543 – Double-Dip Cartography

The second dip of the worldwide recession is a bit like that scene in Monty Python’s Holy Grail, where two guards stupidly stare at a horseless knight approaching in the distance.  


The camera cuts countless times between the knight, who doesn’t seem to be getting any closer, and the witless duo, who seem unable to grasp the faraway scene. The comic standoff is resolved when the knight suddenly appears right in front of the two guards, cuts them down and proceeds to slaughter half the castle.

The start of the current worldwide recession was marked by the collapse of the Lehman Brothers investment bank in September 2008. The resulting credit crunch led to huge losses of jobs, homes and gdp throughout the Western world. It was hoped that the downturn would turn out to be V-shaped, i.e. a ‘single dip’. Dire warnings of a W-shaped, ‘double-dip’ recession seemed overly pessimistic as economic indicators again started to point the right way.  

But then, about a year ago, the euro crisis started to happen [1] – very slowly, in the manner of John Cleese fake-galloping towards that comedy castle. Warnings were issued: only drastic action would prevent a monetary meltdown. Greece could default, it and other countries might have to be pushed out of the eurozone, the euro could break up – the European Union itself might eventually crumble. 

Such warnings have typically been ignored until the very last possible moment. Or maybe even a bit later. Europe, a precarious balancing act in the best of times, in these much worse times seems to teeter ever closer to some soundless abyss. We have yet to see whether the solutions doctored out by Merkozy [2] will be barely sufficient rather than painfully inadequate. 

Apart from wreaking further economic havoc, the most recent phase of the global recession has also sparked some interesting maps. One particularly striking example of ‘double-dip cartography’ is this Eurozone map [3], in the anthropomorphic tradition of Fred Rose’s Serio-Comic Map of Europe (1877) [4]. 

Rose’s map influenced a generation of cartographers to portray the countries of Europe as a group of persons, lumbering on under the approaching shadows of the First World War. As on Rose’s map, individuals contort to resemble the shape of countries, and personate symbolically appropriate postures. 

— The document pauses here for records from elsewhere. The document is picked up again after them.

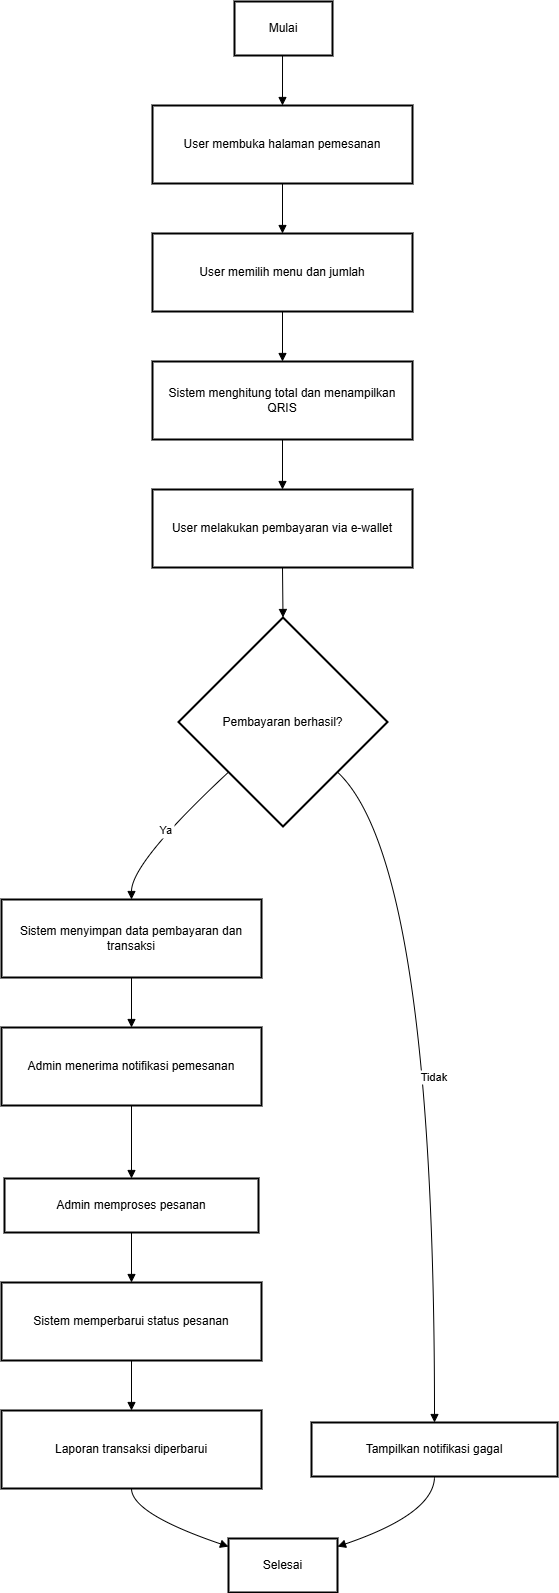

The diagram above was exported from draw.io. Its source (the exported page's mxGraphModel, read from the mxfile embedded in the PNG):
<mxGraphModel dx="1188" dy="687" grid="1" gridSize="10" guides="1" tooltips="1" connect="1" arrows="1" fold="1" page="1" pageScale="1" pageWidth="850" pageHeight="1100" math="0" shadow="0">
  <root>
    <mxCell id="0" />
    <mxCell id="1" parent="0" />
    <mxCell id="Wrk4OMYnxzd3aPCmh8qg-1" value="Mulai" style="whiteSpace=wrap;strokeWidth=2;" vertex="1" parent="1">
      <mxGeometry x="453" y="30" width="98" height="54" as="geometry" />
    </mxCell>
    <mxCell id="Wrk4OMYnxzd3aPCmh8qg-2" value="User membuka halaman pemesanan" style="whiteSpace=wrap;strokeWidth=2;" vertex="1" parent="1">
      <mxGeometry x="371" y="134" width="260" height="78" as="geometry" />
    </mxCell>
    <mxCell id="Wrk4OMYnxzd3aPCmh8qg-3" value="User memilih menu dan jumlah" style="whiteSpace=wrap;strokeWidth=2;" vertex="1" parent="1">
      <mxGeometry x="371" y="262" width="260" height="78" as="geometry" />
    </mxCell>
    <mxCell id="Wrk4OMYnxzd3aPCmh8qg-4" value="Sistem menghitung total dan menampilkan QRIS" style="whiteSpace=wrap;strokeWidth=2;" vertex="1" parent="1">
      <mxGeometry x="371" y="390" width="260" height="78" as="geometry" />
    </mxCell>
    <mxCell id="Wrk4OMYnxzd3aPCmh8qg-5" value="User melakukan pembayaran via e-wallet" style="whiteSpace=wrap;strokeWidth=2;" vertex="1" parent="1">
      <mxGeometry x="371" y="518" width="260" height="78" as="geometry" />
    </mxCell>
    <mxCell id="Wrk4OMYnxzd3aPCmh8qg-6" value="Pembayaran berhasil?" style="rhombus;strokeWidth=2;whiteSpace=wrap;" vertex="1" parent="1">
      <mxGeometry x="397" y="646" width="209" height="209" as="geometry" />
    </mxCell>
    <mxCell id="Wrk4OMYnxzd3aPCmh8qg-7" value="Sistem menyimpan data pembayaran dan transaksi" style="whiteSpace=wrap;strokeWidth=2;" vertex="1" parent="1">
      <mxGeometry x="220" y="928" width="260" height="78" as="geometry" />
    </mxCell>
    <mxCell id="Wrk4OMYnxzd3aPCmh8qg-8" value="Admin menerima notifikasi pemesanan" style="whiteSpace=wrap;strokeWidth=2;" vertex="1" parent="1">
      <mxGeometry x="220" y="1056" width="260" height="78" as="geometry" />
    </mxCell>
    <mxCell id="Wrk4OMYnxzd3aPCmh8qg-9" value="Admin memproses pesanan" style="whiteSpace=wrap;strokeWidth=2;" vertex="1" parent="1">
      <mxGeometry x="223" y="1207" width="254" height="54" as="geometry" />
    </mxCell>
    <mxCell id="Wrk4OMYnxzd3aPCmh8qg-10" value="Sistem memperbarui status pesanan" style="whiteSpace=wrap;strokeWidth=2;" vertex="1" parent="1">
      <mxGeometry x="220" y="1311" width="260" height="78" as="geometry" />
    </mxCell>
    <mxCell id="Wrk4OMYnxzd3aPCmh8qg-11" value="Laporan transaksi diperbarui" style="whiteSpace=wrap;strokeWidth=2;" vertex="1" parent="1">
      <mxGeometry x="220" y="1439" width="260" height="78" as="geometry" />
    </mxCell>
    <mxCell id="Wrk4OMYnxzd3aPCmh8qg-12" value="Selesai" style="whiteSpace=wrap;strokeWidth=2;" vertex="1" parent="1">
      <mxGeometry x="447" y="1567" width="109" height="54" as="geometry" />
    </mxCell>
    <mxCell id="Wrk4OMYnxzd3aPCmh8qg-13" value="Tampilkan notifikasi gagal" style="whiteSpace=wrap;strokeWidth=2;" vertex="1" parent="1">
      <mxGeometry x="530" y="1451" width="246" height="54" as="geometry" />
    </mxCell>
    <mxCell id="Wrk4OMYnxzd3aPCmh8qg-14" value="" style="curved=1;startArrow=none;endArrow=block;exitX=0.49;exitY=1;entryX=0.5;entryY=0;rounded=0;" edge="1" parent="1" source="Wrk4OMYnxzd3aPCmh8qg-1" target="Wrk4OMYnxzd3aPCmh8qg-2">
      <mxGeometry relative="1" as="geometry">
        <Array as="points" />
      </mxGeometry>
    </mxCell>
    <mxCell id="Wrk4OMYnxzd3aPCmh8qg-15" value="" style="curved=1;startArrow=none;endArrow=block;exitX=0.5;exitY=1;entryX=0.5;entryY=0;rounded=0;" edge="1" parent="1" source="Wrk4OMYnxzd3aPCmh8qg-2" target="Wrk4OMYnxzd3aPCmh8qg-3">
      <mxGeometry relative="1" as="geometry">
        <Array as="points" />
      </mxGeometry>
    </mxCell>
    <mxCell id="Wrk4OMYnxzd3aPCmh8qg-16" value="" style="curved=1;startArrow=none;endArrow=block;exitX=0.5;exitY=1;entryX=0.5;entryY=0;rounded=0;" edge="1" parent="1" source="Wrk4OMYnxzd3aPCmh8qg-3" target="Wrk4OMYnxzd3aPCmh8qg-4">
      <mxGeometry relative="1" as="geometry">
        <Array as="points" />
      </mxGeometry>
    </mxCell>
    <mxCell id="Wrk4OMYnxzd3aPCmh8qg-17" value="" style="curved=1;startArrow=none;endArrow=block;exitX=0.5;exitY=1;entryX=0.5;entryY=0;rounded=0;" edge="1" parent="1" source="Wrk4OMYnxzd3aPCmh8qg-4" target="Wrk4OMYnxzd3aPCmh8qg-5">
      <mxGeometry relative="1" as="geometry">
        <Array as="points" />
      </mxGeometry>
    </mxCell>
    <mxCell id="Wrk4OMYnxzd3aPCmh8qg-18" value="" style="curved=1;startArrow=none;endArrow=block;exitX=0.5;exitY=1;entryX=0.5;entryY=0;rounded=0;" edge="1" parent="1" source="Wrk4OMYnxzd3aPCmh8qg-5" target="Wrk4OMYnxzd3aPCmh8qg-6">
      <mxGeometry relative="1" as="geometry">
        <Array as="points" />
      </mxGeometry>
    </mxCell>
    <mxCell id="Wrk4OMYnxzd3aPCmh8qg-19" value="Ya" style="curved=1;startArrow=none;endArrow=block;exitX=0;exitY=0.96;entryX=0.5;entryY=0;rounded=0;" edge="1" parent="1" source="Wrk4OMYnxzd3aPCmh8qg-6" target="Wrk4OMYnxzd3aPCmh8qg-7">
      <mxGeometry relative="1" as="geometry">
        <Array as="points">
          <mxPoint x="350" y="891" />
        </Array>
      </mxGeometry>
    </mxCell>
    <mxCell id="Wrk4OMYnxzd3aPCmh8qg-20" value="" style="curved=1;startArrow=none;endArrow=block;exitX=0.5;exitY=1;entryX=0.5;entryY=0;rounded=0;" edge="1" parent="1" source="Wrk4OMYnxzd3aPCmh8qg-7" target="Wrk4OMYnxzd3aPCmh8qg-8">
      <mxGeometry relative="1" as="geometry">
        <Array as="points" />
      </mxGeometry>
    </mxCell>
    <mxCell id="Wrk4OMYnxzd3aPCmh8qg-21" value="" style="curved=1;startArrow=none;endArrow=block;exitX=0.5;exitY=1;entryX=0.5;entryY=-0.01;rounded=0;" edge="1" parent="1" source="Wrk4OMYnxzd3aPCmh8qg-8" target="Wrk4OMYnxzd3aPCmh8qg-9">
      <mxGeometry relative="1" as="geometry">
        <Array as="points" />
      </mxGeometry>
    </mxCell>
    <mxCell id="Wrk4OMYnxzd3aPCmh8qg-22" value="" style="curved=1;startArrow=none;endArrow=block;exitX=0.5;exitY=0.99;entryX=0.5;entryY=0;rounded=0;" edge="1" parent="1" source="Wrk4OMYnxzd3aPCmh8qg-9" target="Wrk4OMYnxzd3aPCmh8qg-10">
      <mxGeometry relative="1" as="geometry">
        <Array as="points" />
      </mxGeometry>
    </mxCell>
    <mxCell id="Wrk4OMYnxzd3aPCmh8qg-23" value="" style="curved=1;startArrow=none;endArrow=block;exitX=0.5;exitY=1;entryX=0.5;entryY=0;rounded=0;" edge="1" parent="1" source="Wrk4OMYnxzd3aPCmh8qg-10" target="Wrk4OMYnxzd3aPCmh8qg-11">
      <mxGeometry relative="1" as="geometry">
        <Array as="points" />
      </mxGeometry>
    </mxCell>
    <mxCell id="Wrk4OMYnxzd3aPCmh8qg-24" value="" style="curved=1;startArrow=none;endArrow=block;exitX=0.5;exitY=1;entryX=0;entryY=0.15;rounded=0;" edge="1" parent="1" source="Wrk4OMYnxzd3aPCmh8qg-11" target="Wrk4OMYnxzd3aPCmh8qg-12">
      <mxGeometry relative="1" as="geometry">
        <Array as="points">
          <mxPoint x="350" y="1542" />
        </Array>
      </mxGeometry>
    </mxCell>
    <mxCell id="Wrk4OMYnxzd3aPCmh8qg-25" value="Tidak" style="curved=1;startArrow=none;endArrow=block;exitX=1;exitY=0.96;entryX=0.5;entryY=-0.01;rounded=0;" edge="1" parent="1" source="Wrk4OMYnxzd3aPCmh8qg-6" target="Wrk4OMYnxzd3aPCmh8qg-13">
      <mxGeometry relative="1" as="geometry">
        <Array as="points">
          <mxPoint x="653" y="891" />
        </Array>
      </mxGeometry>
    </mxCell>
    <mxCell id="Wrk4OMYnxzd3aPCmh8qg-26" value="" style="curved=1;startArrow=none;endArrow=block;exitX=0.5;exitY=0.99;entryX=1;entryY=0.15;rounded=0;" edge="1" parent="1" source="Wrk4OMYnxzd3aPCmh8qg-13" target="Wrk4OMYnxzd3aPCmh8qg-12">
      <mxGeometry relative="1" as="geometry">
        <Array as="points">
          <mxPoint x="653" y="1542" />
        </Array>
      </mxGeometry>
    </mxCell>
  </root>
</mxGraphModel>
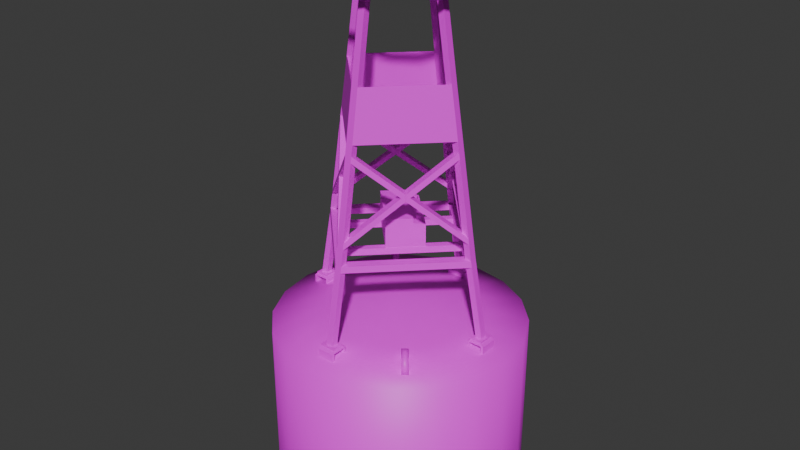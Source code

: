 # Source: LogoBeacon.blend  (saved by Blender 4.4.32; exported with 4.5.12 LTS)
import bpy
from mathutils import Matrix  # noqa: F401  (used for matrix-valued properties, if any)

bpy.ops.wm.read_factory_settings(use_empty=True)
scene = bpy.context.scene
scene.name = 'Scene'

# ---- collections
col_collection = bpy.data.collections.new('Collection'); scene.collection.children.link(col_collection)

# ---- images (referenced by path relative to the original .blend; pixels are not part of the script)
import os
ASSET_DIR = os.environ.get("B2B_ASSET_DIR", "")  # directory of the original .blend (textures are referenced by path, not embedded)
HERE = os.path.dirname(os.path.abspath(__file__))  # packed textures are extracted next to this script under _unpacked/

def load_image(name, relpath, width, height, colorspace="sRGB"):
    """Load a texture the original file referenced (path relative to the .blend, or extracted next to this script)."""
    p = next((c for c in (os.path.join(HERE, relpath), os.path.join(ASSET_DIR, relpath)) if relpath and os.path.exists(c)), "")
    if p:
        img = bpy.data.images.load(p, check_existing=True)
        img.name = name
    else:  # same state as the original file: an image datablock whose file is absent (Cycles renders it pink)
        img = bpy.data.images.new(name, width, height)
        img.source = "FILE"
        img.filepath = "//" + (relpath or name)
    img.colorspace_settings.name = colorspace
    return img
img_logotest_png = load_image('LogoTEst.png', 'LogoTEst.png', 1024, 1024, 'sRGB')

# ---- materials (node trees are filled in below, after node groups)
mat_material_001 = bpy.data.materials.new('Material.001')

# ---- material node trees
mat_material_001.use_nodes = True; mat_material_001.node_tree.nodes.clear()
_N = mat_material_001.node_tree.nodes; _L = mat_material_001.node_tree.links
n0 = _N.new('ShaderNodeBsdfPrincipled'); n0.name = 'Principled BSDF'; n0.location = (10, 300)
n1 = _N.new('ShaderNodeOutputMaterial'); n1.name = 'Material Output'; n1.location = (300, 300)
n2 = _N.new('ShaderNodeTexImage'); n2.name = 'Image Texture'; n2.location = (-376, 169)
n2.image = img_logotest_png
_L.new(n0.outputs[0], n1.inputs[0])
_L.new(n2.outputs[0], n0.inputs[0])
n1.is_active_output = True

# ---- world
world_world = bpy.data.worlds.new('World'); scene.world = world_world
world_world.use_nodes = True; world_world.node_tree.nodes.clear()
_N = world_world.node_tree.nodes; _L = world_world.node_tree.links
n0 = _N.new('ShaderNodeOutputWorld'); n0.name = 'World Output'; n0.location = (300, 300)
n1 = _N.new('ShaderNodeBackground'); n1.name = 'Background'; n1.location = (10, 300)
n1.inputs[0].default_value = (0.05088, 0.05088, 0.05088, 1.0)
_L.new(n1.outputs[0], n0.inputs[0])
n0.is_active_output = True
world_world.color = (0.05088, 0.05088, 0.05088)
world_world.sun_shadow_jitter_overblur = 0.0

# ---- meshes
me_plane_003 = bpy.data.meshes.new('Plane.003')
me_plane_003.from_pydata([(0.07253, 0.825, 1.013), (0.06897, 0.8412, 1.014), (-0.07253, 0.825, 1.013), (-0.06897, 0.8412, 1.014), (-0.07253, 0.825, 1.087), (0.07253, 0.825, 1.087), (0.06897, 0.8412, 1.085), (-0.06897, 0.8412, 1.085), (0.06897, 0.7003, 1.014), (0.07253, 0.7165, 1.013), (-0.06897, 0.7003, 1.014), (-0.07253, 0.7165, 1.013), (-0.06897, 0.7003, 1.085), (0.06897, 0.7003, 1.085), (0.07253, 0.7171, 1.087), (-0.07253, 0.7171, 1.087), (-0.06897, 0.7197, 1.104), (0.06897, 0.7197, 1.104), (0.06897, 0.8225, 1.104), (-0.06897, 0.8225, 1.104), (-0.06426, 0.7232, 1.104), (0.06426, 0.7232, 1.104), (-0.06426, 0.819, 1.104), (0.06426, 0.819, 1.104), (-0.06426, 0.7232, 1.118), (0.06426, 0.7232, 1.118), (-0.06426, 0.819, 1.118), (0.06426, 0.819, 1.118), (-0.02804, 0.7446, 1.118), (0.02804, 0.7446, 1.118), (-0.02804, 0.7977, 1.118), (0.02804, 0.7977, 1.118), (-0.02804, 0.3048, 3.762), (0.02804, 0.3048, 3.762), (-0.02804, 0.358, 3.762), (0.02804, 0.358, 3.762), (0.825, -0.07253, 1.013), (0.8412, -0.06897, 1.014), (0.825, 0.07253, 1.013), (0.8412, 0.06897, 1.014), (0.825, 0.07253, 1.087), (0.825, -0.07253, 1.087), (0.8412, -0.06897, 1.085), (0.8412, 0.06897, 1.085), (0.7003, -0.06897, 1.014), (0.7165, -0.07253, 1.013), (0.7003, 0.06897, 1.014), (0.7165, 0.07253, 1.013), (0.7003, 0.06897, 1.085), (0.7003, -0.06897, 1.085), (0.7171, -0.07253, 1.087), (0.7171, 0.07253, 1.087), (0.7197, 0.06897, 1.104), (0.7197, -0.06897, 1.104), (0.8225, -0.06897, 1.104), (0.8225, 0.06897, 1.104), (0.7232, 0.06426, 1.104), (0.7232, -0.06426, 1.104), (0.819, 0.06426, 1.104), (0.819, -0.06426, 1.104), (0.7232, 0.06426, 1.118), (0.7232, -0.06426, 1.118), (0.819, 0.06426, 1.118), (0.819, -0.06426, 1.118), (0.7446, 0.02804, 1.118), (0.7446, -0.02804, 1.118), (0.7977, 0.02804, 1.118), (0.7977, -0.02804, 1.118), (0.3048, 0.02804, 3.762), (0.3048, -0.02804, 3.762), (0.358, 0.02804, 3.762), (0.358, -0.02804, 3.762), (-0.825, 0.07253, 1.013), (-0.8412, 0.06897, 1.014), (-0.825, -0.07253, 1.013), (-0.8412, -0.06897, 1.014), (-0.825, -0.07253, 1.087), (-0.825, 0.07253, 1.087), (-0.8412, 0.06897, 1.085), (-0.8412, -0.06897, 1.085), (-0.7003, 0.06897, 1.014), (-0.7165, 0.07253, 1.013), (-0.7003, -0.06897, 1.014), (-0.7165, -0.07253, 1.013), (-0.7003, -0.06897, 1.085), (-0.7003, 0.06897, 1.085), (-0.7171, 0.07253, 1.087), (-0.7171, -0.07253, 1.087), (-0.7197, -0.06897, 1.104), (-0.7197, 0.06897, 1.104), (-0.8225, 0.06897, 1.104), (-0.8225, -0.06897, 1.104), (-0.7232, -0.06426, 1.104), (-0.7232, 0.06426, 1.104), (-0.819, -0.06426, 1.104), (-0.819, 0.06426, 1.104), (-0.7232, -0.06426, 1.118), (-0.7232, 0.06426, 1.118), (-0.819, -0.06426, 1.118), (-0.819, 0.06426, 1.118), (-0.7446, -0.02804, 1.118), (-0.7446, 0.02804, 1.118), (-0.7977, -0.02804, 1.118), (-0.7977, 0.02804, 1.118), (-0.3048, -0.02804, 3.762), (-0.3048, 0.02804, 3.762), (-0.358, -0.02804, 3.762), (-0.358, 0.02804, 3.762), (-0.07253, -0.825, 1.013), (-0.06897, -0.8412, 1.014), (0.07253, -0.825, 1.013), (0.06897, -0.8412, 1.014), (0.07253, -0.825, 1.087), (-0.07253, -0.825, 1.087), (-0.06897, -0.8412, 1.085), (0.06897, -0.8412, 1.085), (-0.06897, -0.7003, 1.014), (-0.07253, -0.7165, 1.013), (0.06897, -0.7003, 1.014), (0.07253, -0.7165, 1.013), (0.06897, -0.7003, 1.085), (-0.06897, -0.7003, 1.085), (-0.07253, -0.7171, 1.087), (0.07253, -0.7171, 1.087), (0.06897, -0.7197, 1.104), (-0.06897, -0.7197, 1.104), (-0.06897, -0.8225, 1.104), (0.06897, -0.8225, 1.104), (0.06426, -0.7232, 1.104), (-0.06426, -0.7232, 1.104), (0.06426, -0.819, 1.104), (-0.06426, -0.819, 1.104), (0.06426, -0.7232, 1.118), (-0.06426, -0.7232, 1.118), (0.06426, -0.819, 1.118), (-0.06426, -0.819, 1.118), (0.02804, -0.7446, 1.118), (-0.02804, -0.7446, 1.118), (0.02804, -0.7977, 1.118), (-0.02804, -0.7977, 1.118), (0.02804, -0.3048, 3.762), (-0.02804, -0.3048, 3.762), (0.02804, -0.358, 3.762), (-0.02804, -0.358, 3.762), (-0.02804, 0.637, 1.678), (-0.02804, 0.6901, 1.678), (0.02804, 0.637, 1.678), (0.02804, 0.6901, 1.678), (0.637, 0.02804, 1.678), (0.6901, 0.02804, 1.678), (0.637, -0.02804, 1.678), (0.6901, -0.02804, 1.678), (-0.637, -0.02804, 1.678), (-0.6901, -0.02804, 1.678), (-0.637, 0.02804, 1.678), (-0.6901, 0.02804, 1.678), (0.02804, -0.637, 1.678), (0.02804, -0.6901, 1.678), (-0.02804, -0.637, 1.678), (-0.02804, -0.6901, 1.678), (-0.02804, 0.6274, 1.728), (0.02804, 0.6274, 1.728), (0.02804, 0.6805, 1.728), (0.6274, 0.02804, 1.728), (0.6274, -0.02804, 1.728), (0.6805, -0.02804, 1.728), (-0.6274, -0.02804, 1.728), (-0.6274, 0.02804, 1.728), (-0.6805, 0.02804, 1.728), (0.02804, -0.6274, 1.728), (-0.02804, -0.6274, 1.728), (-0.02804, -0.6805, 1.728), (-0.02804, 0.6805, 1.728), (0.6805, 0.02804, 1.728), (-0.6805, -0.02804, 1.728), (0.02804, -0.6805, 1.728), (0.1346, 0.4648, 1.728), (0.1369, 0.472, 1.678), (-0.4648, -0.1346, 1.728), (-0.472, -0.1369, 1.678), (0.1708, 0.4285, 1.728), (-0.4352, -0.1737, 1.678), (0.1737, 0.4352, 1.678), (-0.4285, -0.1708, 1.728), (0.474, 0.1253, 1.728), (-0.1276, -0.4814, 1.678), (0.4814, 0.1276, 1.678), (-0.1253, -0.474, 1.728), (0.4422, 0.1667, 1.678), (-0.1639, -0.4354, 1.728), (0.4354, 0.1639, 1.728), (-0.1667, -0.4422, 1.678), (0.02804, 0.5391, 2.609), (0.5391, -0.02804, 2.609), (-0.5391, 0.02804, 2.609), (-0.02804, -0.5391, 2.609), (-0.02804, 0.5391, 2.609), (0.5391, 0.02804, 2.609), (-0.5391, -0.02804, 2.609), (0.02804, -0.5391, 2.609), (0.02804, 0.475, 3.009), (0.475, -0.02804, 3.009), (-0.475, 0.02804, 3.009), (-0.02804, -0.475, 3.009), (-0.02804, 0.475, 3.009), (0.475, 0.02804, 3.009), (-0.475, -0.02804, 3.009), (0.02804, -0.475, 3.009), (-0.02804, 0.608, 1.849), (0.02804, 0.608, 1.849), (0.608, 0.02804, 1.849), (0.608, -0.02804, 1.849), (-0.608, -0.02804, 1.849), (-0.608, 0.02804, 1.849), (0.02804, -0.608, 1.849), (-0.02804, -0.608, 1.849), (-0.02804, 0.6001, 1.898), (0.02804, 0.6001, 1.898), (0.6001, 0.02804, 1.898), (0.6001, -0.02804, 1.898), (-0.6001, -0.02804, 1.898), (-0.6001, 0.02804, 1.898), (0.02804, -0.6001, 1.898), (-0.02804, -0.6001, 1.898), (-0.02804, 0.6611, 1.849), (0.6611, 0.02804, 1.849), (-0.6611, -0.02804, 1.849), (0.02804, -0.6611, 1.849), (0.02804, 0.6611, 1.849), (0.6611, -0.02804, 1.849), (-0.6611, 0.02804, 1.849), (-0.02804, -0.6611, 1.849), (0.02804, 0.6532, 1.898), (0.6532, -0.02804, 1.898), (-0.6532, 0.02804, 1.898), (-0.02804, -0.6532, 1.898), (-0.02804, 0.6532, 1.898), (0.6532, 0.02804, 1.898), (-0.6532, -0.02804, 1.898), (0.02804, -0.6532, 1.898), (-0.02804, 0.4984, 2.532), (0.02804, 0.4984, 2.532), (0.4984, 0.02804, 2.532), (0.4984, -0.02804, 2.532), (-0.4984, -0.02804, 2.532), (-0.4984, 0.02804, 2.532), (0.02804, -0.4984, 2.532), (-0.02804, -0.4984, 2.532), (0.02804, 0.5515, 2.532), (0.5515, -0.02804, 2.532), (-0.5515, 0.02804, 2.532), (-0.02804, -0.5515, 2.532), (-0.02804, 0.5515, 2.532), (0.5515, 0.02804, 2.532), (-0.5515, -0.02804, 2.532), (0.02804, -0.5515, 2.532), (-0.02804, 0.5594, 2.483), (0.5594, 0.02804, 2.483), (-0.5594, -0.02804, 2.483), (0.02804, -0.5594, 2.483), (-0.02804, 0.5063, 2.483), (0.02804, 0.5063, 2.483), (0.5063, 0.02804, 2.483), (0.5063, -0.02804, 2.483), (-0.5063, -0.02804, 2.483), (-0.5063, 0.02804, 2.483), (0.02804, -0.5063, 2.483), (-0.02804, -0.5063, 2.483), (0.02804, 0.5594, 2.483), (0.5594, -0.02804, 2.483), (-0.5594, 0.02804, 2.483), (-0.02804, -0.5594, 2.483), (-0.2556, 0.5451, 3.757), (-0.1995, 0.5983, 3.757), (-0.5324, 0.2683, 3.757), (-0.5855, 0.2123, 3.757), (-0.2556, 0.5451, 3.772), (-0.1995, 0.5983, 3.772), (-0.5324, 0.2683, 3.772), (-0.5855, 0.2123, 3.772), (0.5422, -0.2654, 3.757), (0.5422, -0.2654, 3.772), (0.5953, -0.2093, 3.757), (0.5953, -0.2093, 3.772), (0.2654, -0.5422, 3.757), (0.2654, -0.5422, 3.772), (0.2093, -0.5953, 3.757), (0.2093, -0.5953, 3.772), (-0.1733, -0.0965, 3.757), (0.1035, 0.1803, 3.757), (0.1035, 0.1803, 3.772), (-0.1733, -0.0965, 3.772), (0.169, 0.1137, 3.757), (0.169, 0.1137, 3.772), (-0.1078, -0.1631, 3.772), (-0.1078, -0.1631, 3.757), (-0.5332, 0.02743, 2.614), (-0.03326, -0.5274, 2.614), (-0.03326, 0.5274, 2.614), (-0.5332, -0.02743, 2.614), (-0.4705, 0.02743, 3.005), (-0.03326, -0.4646, 3.005), (-0.03326, 0.4646, 3.005), (-0.4705, -0.02743, 3.005), (0.0, 1.0, -0.3386), (-0.309, 0.9511, -0.3386), (-0.5878, 0.809, -0.3386), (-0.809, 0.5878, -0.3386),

On Rose’s map, the overarching theme is impending war; on Rae’s map, it’s the euro crisis:

Greece is a bald man [5], leaking money into the Aegean Sea, his left arm and hand awkwardly extended eastward to resemble Western Thrace. By next year, [Greece’s] debt is expected to be almost twice as large as its economy, a legend explains the pecuniary penury of the Grecian gentleman. Cyprus, shown in an inset, is hand extending a wad of cash: [Cyprus’] banks have lent a ton of money to Greece

Portugal is a crowded box (showing the hordes of locals who don’t even have a high school diploma), Spain a comfortably empty patch of beach where laid-off workers can potentially get 33 days of severance pay for every year of service.

The elbow of an elderly French monsieur grasping his aching back is the Breton peninsula. Together with an equally decrepit-looking old woman, he impersonates the fact that in France, more than 85% of older people’s incomes comes from the government. Germany is cluttered up with some of the stuff the world’s third-largest exporter produces, while Estonia with its strong electronics and communications sector is depicted as a pile of consumer electronics, since it has that rarest of eurozone economies, with a gdp that is expected to grow.

The subject of this second map, Icelandic in origin, is similar to the first one – the eurozone – but it is less descriptive, choosing to make a single, satirical point. Continental Europe resembles a boozing beggar, holding up his hat for a handout, promising: “I alvôru, ég er bara að ganga í gegnum timabil.” [6]. Greece is an empty beer can, Italy for once an arm rather than a leg (Portugal and Spain fulfil the latter role). Denmark is the snot running from Norway, Europe’s nose. 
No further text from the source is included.